_Exercise details_.
To complete this task, print all the data below exactly but leave out the images.

Start of Input for this task

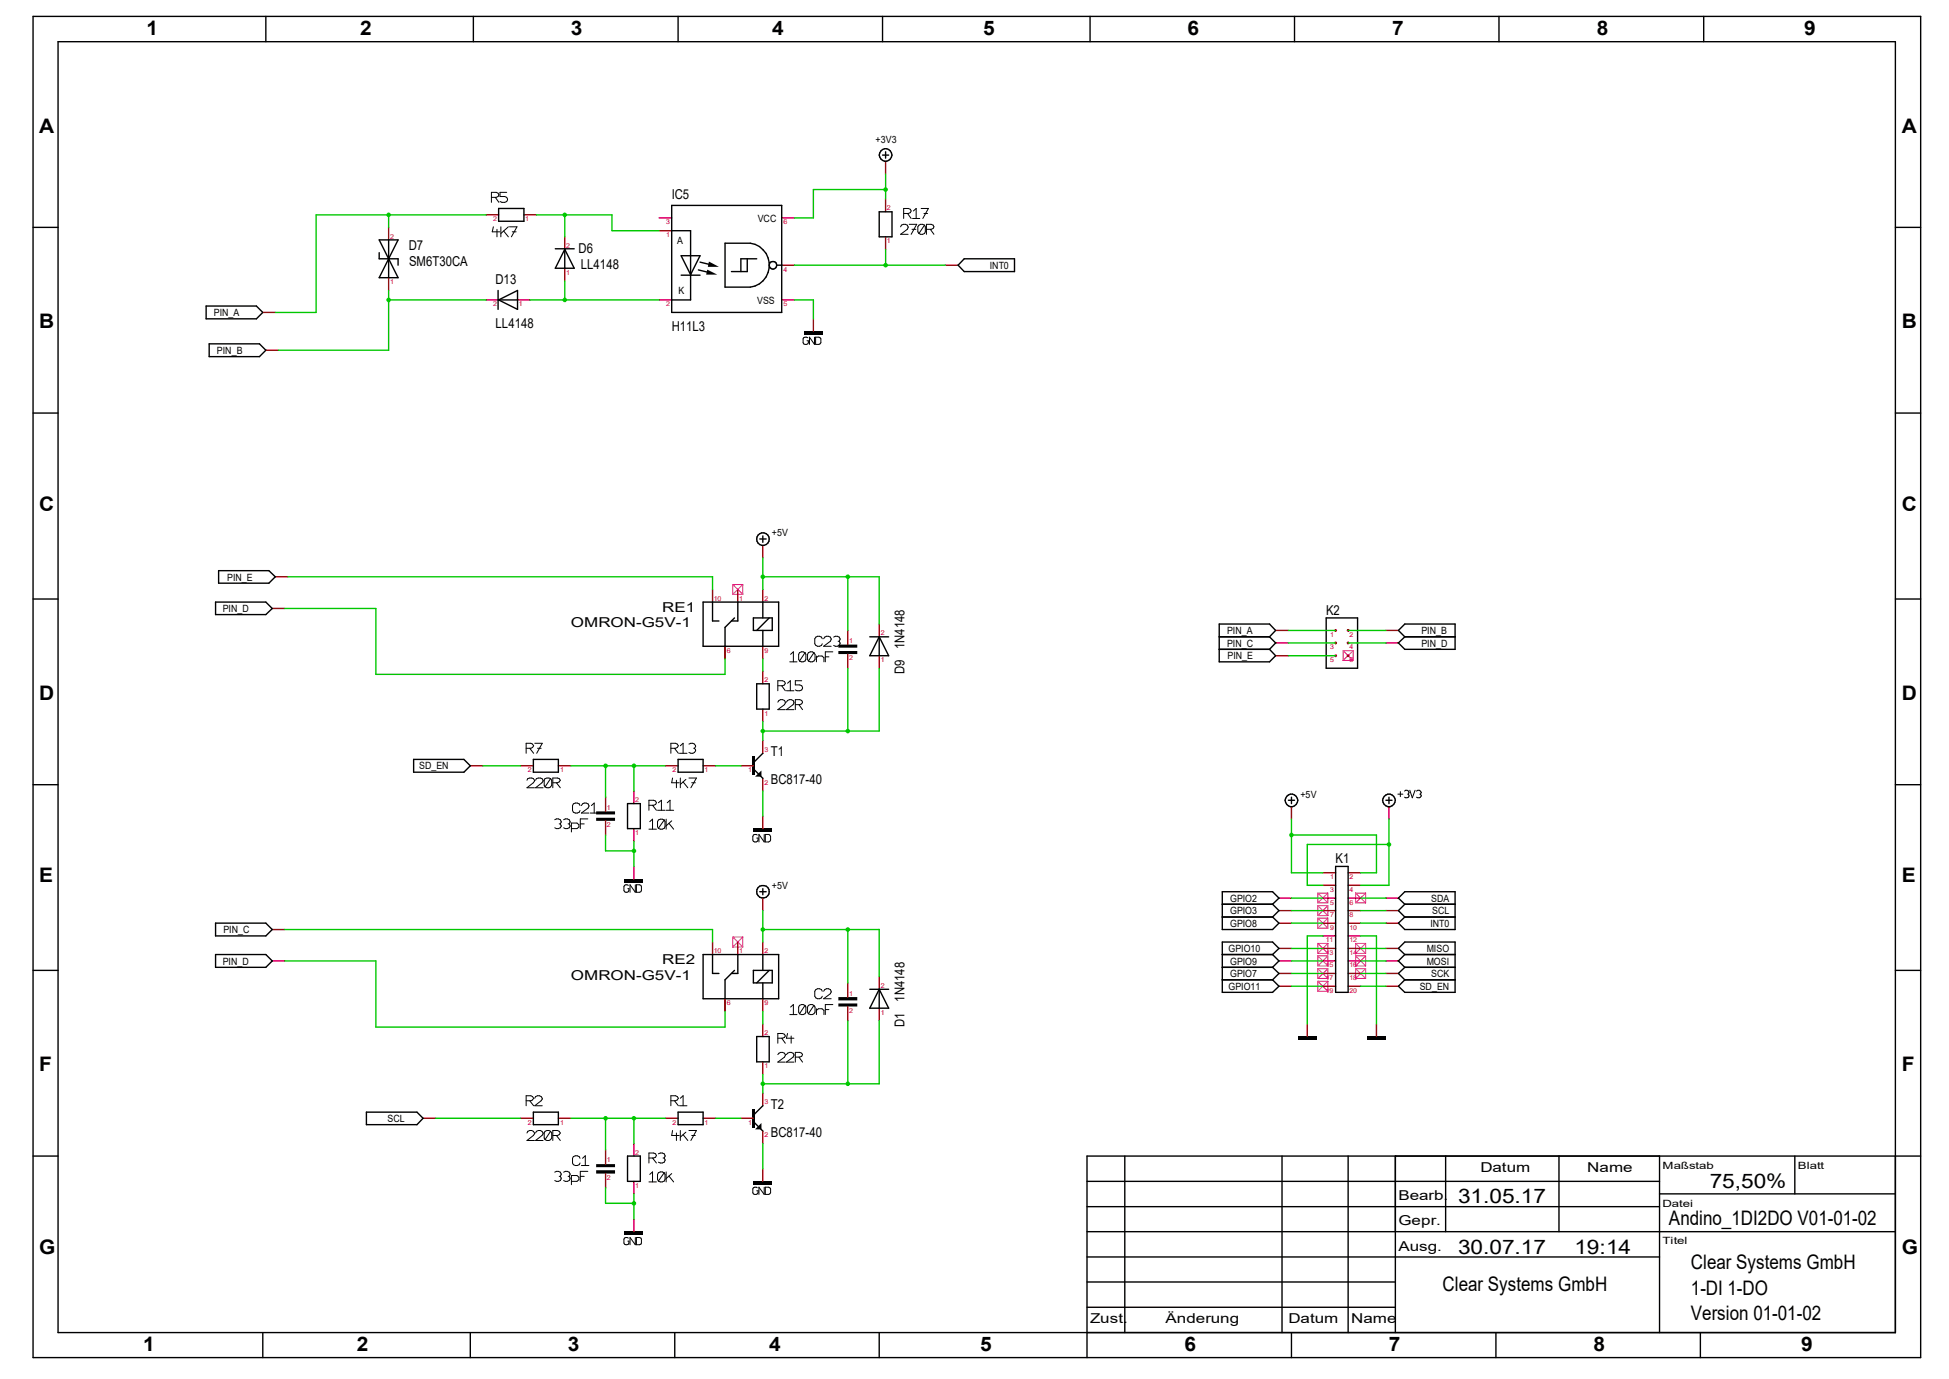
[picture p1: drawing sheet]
<svg xmlns="http://www.w3.org/2000/svg" width="297mm" height="210mm" viewBox="0 0 297 210" stroke-linecap="round" stroke-linejoin="round" font-family="sans-serif">
<g fill="none" stroke="#f0f" stroke-width=".17">
<path d="M111.7 89v1.5M111.7 89l1.5 1.5M111.7 90.5h1.5M111.7 89h1.5M113.2 89v1.5M113.2 89l-1.5 1.5M204.7 99.1l1.5 1.5M204.7 99.1v1.5M204.7 99.1h1.5M206.2 99.1l-1.5 1.5M206.2 99.1v1.5M204.7 100.6h1.5"/>
<path d="M200.8 137.5h1.6M200.8 136h1.6M200.8 139.8l1.6 1.6M200.8 136v1.5M200.8 137.9v1.5M200.8 139.8v1.6M200.8 139.8h1.6M200.8 137.9l1.6 1.5M200.8 139.4h1.6M200.8 137.9h1.6M200.8 136l1.6 1.5M202.4 136v1.5"/>
<path d="M202.4 137.9v1.5M202.4 139.8v1.6M202.4 139.8l-1.6 1.6M202.4 137.9l-1.6 1.5M202.4 136l-1.6 1.5M206.6 136l1.5 1.5M206.6 137.5h1.5M206.6 136v1.5M206.6 136h1.5M208.1 136l-1.5 1.5M208.1 136v1.5M111.7 142.7l1.5 1.5"/>
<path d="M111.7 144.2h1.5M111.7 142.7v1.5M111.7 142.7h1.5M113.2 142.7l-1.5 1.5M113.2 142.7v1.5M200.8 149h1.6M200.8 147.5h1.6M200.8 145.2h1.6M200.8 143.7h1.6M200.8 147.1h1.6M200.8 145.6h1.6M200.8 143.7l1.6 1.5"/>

End of Input for this task

_Task output_.
[picture p1: drawing sheet]
<svg xmlns="http://www.w3.org/2000/svg" width="297mm" height="210mm" viewBox="0 0 297 210" stroke-linecap="round" stroke-linejoin="round" font-family="sans-serif">
<g fill="none" stroke="#f0f" stroke-width=".17">
<path d="M111.7 89v1.5M111.7 89l1.5 1.5M111.7 90.5h1.5M111.7 89h1.5M113.2 89v1.5M113.2 89l-1.5 1.5M204.7 99.1l1.5 1.5M204.7 99.1v1.5M204.7 99.1h1.5M206.2 99.1l-1.5 1.5M206.2 99.1v1.5M204.7 100.6h1.5"/>
<path d="M200.8 137.5h1.6M200.8 136h1.6M200.8 139.8l1.6 1.6M200.8 136v1.5M200.8 137.9v1.5M200.8 139.8v1.6M200.8 139.8h1.6M200.8 137.9l1.6 1.5M200.8 139.4h1.6M200.8 137.9h1.6M200.8 136l1.6 1.5M202.4 136v1.5"/>
<path d="M202.4 137.9v1.5M202.4 139.8v1.6M202.4 139.8l-1.6 1.6M202.4 137.9l-1.6 1.5M202.4 136l-1.6 1.5M206.6 136l1.5 1.5M206.6 137.5h1.5M206.6 136v1.5M206.6 136h1.5M208.1 136l-1.5 1.5M208.1 136v1.5M111.7 142.7l1.5 1.5"/>
<path d="M111.7 144.2h1.5M111.7 142.7v1.5M111.7 142.7h1.5M113.2 142.7l-1.5 1.5M113.2 142.7v1.5M200.8 149h1.6M200.8 147.5h1.6M200.8 145.2h1.6M200.8 143.7h1.6M200.8 147.1h1.6M200.8 145.6h1.6M200.8 143.7l1.6 1.5"/>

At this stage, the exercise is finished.